Quand ils arrivèrent, ils trouvèrent que les Kabyles bâtissaient des maisons en pierres, en bois, et avec des petites cheminées à un angle de 45 degrés qu’ils assignaient maladroitement aux murs tournés vers le Nord. Leurs tuiles étaient faites de terre cuite de plusieurs couleurs et d’une résistance qui allait certainement enfreindre leur progrès. Au-devant de leurs médiocres maisons, ils étalaient des pavés qui étaient ridiculement de la même taille et disposés à une distance d’un 1.25 cm l’un de l’autre. Leur agriculture était médiocre, ils vivaient de blé, d’orge et ce liquide qu’ils obtinrent d’un arbre qui gardait son feuillage verdâtre tout au long de l’année. Ils l’appelèrent l’huile d’olives et l’arbre était cet arbre inutile qu’on appelait l’olivier. La grande civilisation arabe ne faisait pas confiance aux arbres qui ne perdaient pas leur feuillage, à juste titre d’ailleurs, un arbre qui n’avait aucun respect pour l’automne ne méritait point qu’on récolta ses fruits. Leurs habits étaient des plus ridicules. Leurs têtes n’étaient pas couvertes, et ils portaient cette tenue blanche qui descendaient jusqu’aux genoux. Leurs chaussures étaient faites de peaux d’animaux et attachés symétriquement des deux cotés. Leurs enfants étaient sans éducation et passaient leur temps à jouer à la « Playstation » et ils négligeaient royalement leurs devoirs. Leurs jeux étaient des plus violents comme « Tekken 3 » et « esident evil ». Leurs femmes étaient d’une beauté provocante et ne portaient aucun « hijab », plus choquant, elles circulaient librement parmi la gente masculine et participaient même aux devoirs sociaux de leurs villages. Elles avaient une place sacrée dans leurs coutumes indigènes. Il était impensable que ces créatures qui ne devaient servir qu’à la reproduction puissent s’occuper d’autres tâches dans cette société indigène. Leur ignorance était irréversiblement ancrée dans cette « notion » qu’on appelait : « liberté ».

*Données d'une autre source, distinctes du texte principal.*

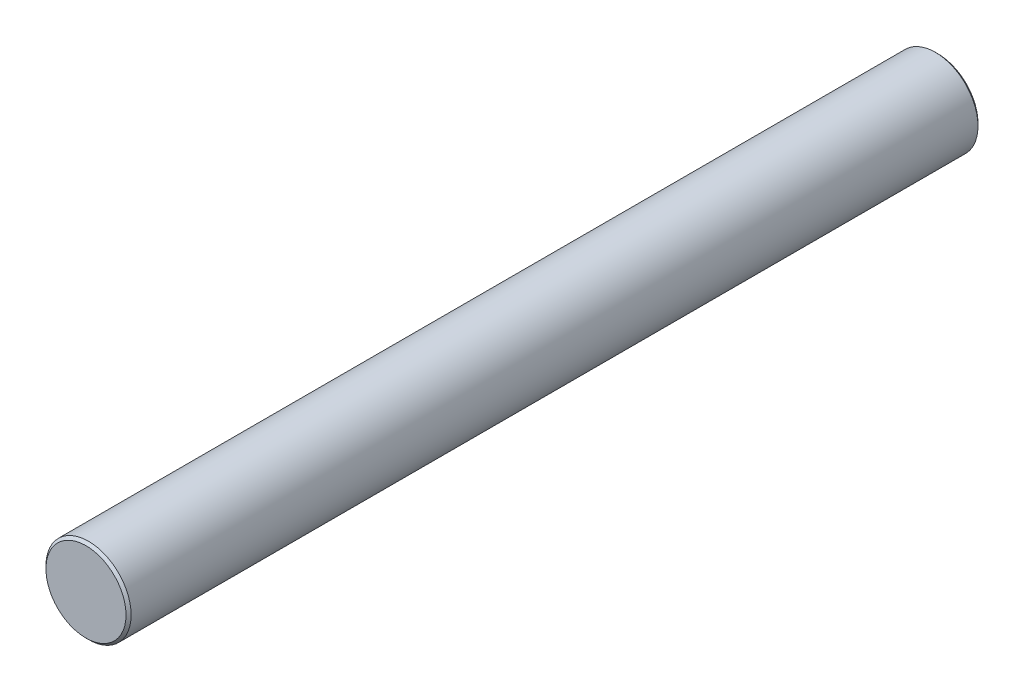
ISO-10303-21;
HEADER;
FILE_DESCRIPTION(('STEP AP214'),'2;1');
FILE_NAME('part.step','',(''),(''),'','','');
FILE_SCHEMA(('AUTOMOTIVE_DESIGN { 1 0 10303 214 1 1 1 1 }'));
ENDSEC;
DATA;
#1=APPLICATION_CONTEXT('core data for automotive mechanical design processes');
#2=APPLICATION_PROTOCOL_DEFINITION('international standard','automotive_design',2000,#1);
#3=PRODUCT_CONTEXT('',#1,'mechanical');
#4=PRODUCT('Part','Part','',(#3));
#5=PRODUCT_RELATED_PRODUCT_CATEGORY('part','',(#4));
#6=PRODUCT_DEFINITION_FORMATION('','',#4);
#7=PRODUCT_DEFINITION_CONTEXT('part definition',#1,'design');
#8=PRODUCT_DEFINITION('design','',#6,#7);
#9=PRODUCT_DEFINITION_SHAPE('','',#8);
#10=(LENGTH_UNIT() NAMED_UNIT(*) SI_UNIT(.MILLI.,.METRE.));
#11=(NAMED_UNIT(*) PLANE_ANGLE_UNIT() SI_UNIT($,.RADIAN.));
#12=(NAMED_UNIT(*) SI_UNIT($,.STERADIAN.) SOLID_ANGLE_UNIT());
#13=UNCERTAINTY_MEASURE_WITH_UNIT(LENGTH_MEASURE(1.E-05),#10,'distance_accuracy_value','');
#14=(GEOMETRIC_REPRESENTATION_CONTEXT(3) GLOBAL_UNCERTAINTY_ASSIGNED_CONTEXT((#13)) GLOBAL_UNIT_ASSIGNED_CONTEXT((#10,
#11,#12)) REPRESENTATION_CONTEXT('',''));
#15=CARTESIAN_POINT('',(0.,0.,0.));
#16=DIRECTION('',(0.,0.,1.));
#17=DIRECTION('',(1.,0.,0.));
#18=AXIS2_PLACEMENT_3D('',#15,#16,#17);
#19=CARTESIAN_POINT('',(0.,0.,50.));
#20=DIRECTION('',(0.,0.,-1.));
#21=DIRECTION('',(-1.,0.,0.));
#22=AXIS2_PLACEMENT_3D('',#19,#20,#21);
#23=CYLINDRICAL_SURFACE('',#22,5.);
#24=CARTESIAN_POINT('',(0.,0.,-49.7));
#25=DIRECTION('',(0.,0.,1.));
#26=DIRECTION('',(1.,0.,0.));
#27=AXIS2_PLACEMENT_3D('',#24,#25,#26);
#28=CIRCLE('',#27,5.);
#29=CARTESIAN_POINT('',(5.,0.,-49.7));
#30=VERTEX_POINT('',#29);
#31=EDGE_CURVE('E53',#30,#30,#28,.T.);
#32=ORIENTED_EDGE('',*,*,#31,.T.);
#33=EDGE_LOOP('',(#32));
#34=FACE_BOUND('',#33,.T.);
#35=CARTESIAN_POINT('',(0.,0.,49.7));
#36=DIRECTION('',(0.,0.,1.));
#37=DIRECTION('',(1.,0.,0.));
#38=AXIS2_PLACEMENT_3D('',#35,#36,#37);
#39=CIRCLE('',#38,5.);
#40=CARTESIAN_POINT('',(5.,0.,49.7));
#41=VERTEX_POINT('',#40);
#42=EDGE_CURVE('E58',#41,#41,#39,.F.);
#43=ORIENTED_EDGE('',*,*,#42,.T.);
#44=EDGE_LOOP('',(#43));
#45=FACE_BOUND('',#44,.T.);
#46=ADVANCED_FACE('F39',(#34,#45),#23,.T.);
#47=CARTESIAN_POINT('',(0.,0.,50.));
#48=DIRECTION('',(0.,0.,1.));
#49=DIRECTION('',(1.,0.,0.));
#50=AXIS2_PLACEMENT_3D('',#47,#48,#49);
#51=PLANE('',#50);
#52=CARTESIAN_POINT('',(0.,0.,50.));
#53=DIRECTION('',(0.,0.,1.));
#54=DIRECTION('',(1.,0.,0.));
#55=AXIS2_PLACEMENT_3D('',#52,#53,#54);
#56=CIRCLE('',#55,4.7);
#57=CARTESIAN_POINT('',(4.7,0.,50.));
#58=VERTEX_POINT('',#57);
#59=EDGE_CURVE('E10',#58,#58,#56,.T.);
#60=ORIENTED_EDGE('',*,*,#59,.T.);
#61=EDGE_LOOP('',(#60));
#62=FACE_BOUND('',#61,.T.);
#63=ADVANCED_FACE('F75',(#62),#51,.T.);
#64=CARTESIAN_POINT('',(0.,0.,-50.));
#65=DIRECTION('',(0.,0.,1.));
#66=DIRECTION('',(1.,0.,0.));
#67=AXIS2_PLACEMENT_3D('',#64,#65,#66);
#68=PLANE('',#67);
#69=CARTESIAN_POINT('',(0.,0.,-50.));
#70=DIRECTION('',(0.,0.,1.));
#71=DIRECTION('',(1.,0.,0.));
#72=AXIS2_PLACEMENT_3D('',#69,#70,#71);
#73=CIRCLE('',#72,4.69999999999998);
#74=CARTESIAN_POINT('',(4.69999999999998,0.,-50.));
#75=VERTEX_POINT('',#74);
#76=EDGE_CURVE('E48',#75,#75,#73,.F.);
#77=ORIENTED_EDGE('',*,*,#76,.T.);
#78=EDGE_LOOP('',(#77));
#79=FACE_BOUND('',#78,.T.);
#80=ADVANCED_FACE('F72',(#79),#68,.F.);
#81=CARTESIAN_POINT('',(0.,0.,-49.7));
#82=DIRECTION('',(0.,0.,1.));
#83=DIRECTION('',(1.,0.,0.));
#84=AXIS2_PLACEMENT_3D('',#81,#82,#83);
#85=CONICAL_SURFACE('',#84,5.,0.785398163397464);
#86=ORIENTED_EDGE('',*,*,#76,.F.);
#87=EDGE_LOOP('',(#86));
#88=FACE_BOUND('',#87,.T.);
#89=ORIENTED_EDGE('',*,*,#31,.F.);
#90=EDGE_LOOP('',(#89));
#91=FACE_BOUND('',#90,.T.);
#92=ADVANCED_FACE('F68',(#88,#91),#85,.T.);
#93=CARTESIAN_POINT('',(0.,0.,50.));
#94=DIRECTION('',(0.,0.,-1.));
#95=DIRECTION('',(-1.,0.,0.));
#96=AXIS2_PLACEMENT_3D('',#93,#94,#95);
#97=CONICAL_SURFACE('',#96,4.7,0.785398163397453);
#98=ORIENTED_EDGE('',*,*,#42,.F.);
#99=EDGE_LOOP('',(#98));
#100=FACE_BOUND('',#99,.T.);
#101=ORIENTED_EDGE('',*,*,#59,.F.);
#102=EDGE_LOOP('',(#101));
#103=FACE_BOUND('',#102,.T.);
#104=ADVANCED_FACE('F42',(#100,#103),#97,.T.);
#105=CLOSED_SHELL('',(#46,#63,#80,#92,#104));
#106=MANIFOLD_SOLID_BREP('B2',#105);
#107=ADVANCED_BREP_SHAPE_REPRESENTATION('',(#18,#106),#14);
#108=SHAPE_DEFINITION_REPRESENTATION(#9,#107);
ENDSEC;
END-ISO-10303-21;

Un homme de cette majestueuse civilisation arabe se distingua de par son intelligence radicale, son nom était : Abdellah Ibn Kedab al Khamedj. En voyant cette débauche libertine, il prononça cette phrase : « L’homme est né libre, mais il doit être partout enchaîné. » Et en regardant ces créatures aux cheveux longs et qui portaient un « mascara » de chez Bourgeois, il réitéra une autre phrase : « n». Ces belles paroles résonnent encore dans la société indigène kabyle. Mais Hamdoulilah, aujourd’hui, on ne peut voir une femme marcher sans entendre le bruit de ses chaînes, leur « mascara » est habillement caché sous un voile permanent, leurs désirs de vouloir prendre des décisions provoque des hérésies de rire. Elles sont devenues plus productives, et leur participation à la vie sociale avoisine 0.0001%.

Que le monde prenne note, condamnez votre femme, si vous, vous ne savez pas pourquoi, elle, elle le saura.

Quant à ces maisons de pierres ridicules, on leur apprit à construire des tentes qui tiennent debout avec trois bâtons. Et même plus, on leur enseigna l’inutilité des tuiles. Quant à leur tenue vestimentaire, on leur inculqua : « qu’il valait mieux marcher pieds nus qu’être mal chaussé »

Seul un Kabyle ingrat peut aujourd’hui dénier les bienfaits de cette majestueuse civilisation qui a délivré le monde et les Kabyles d’une vie anodine, tranquille et de l’oisiveté que seulement la paix peut vous infliger.

Merci, merci… je ne suis point ce Kabyle ingrat.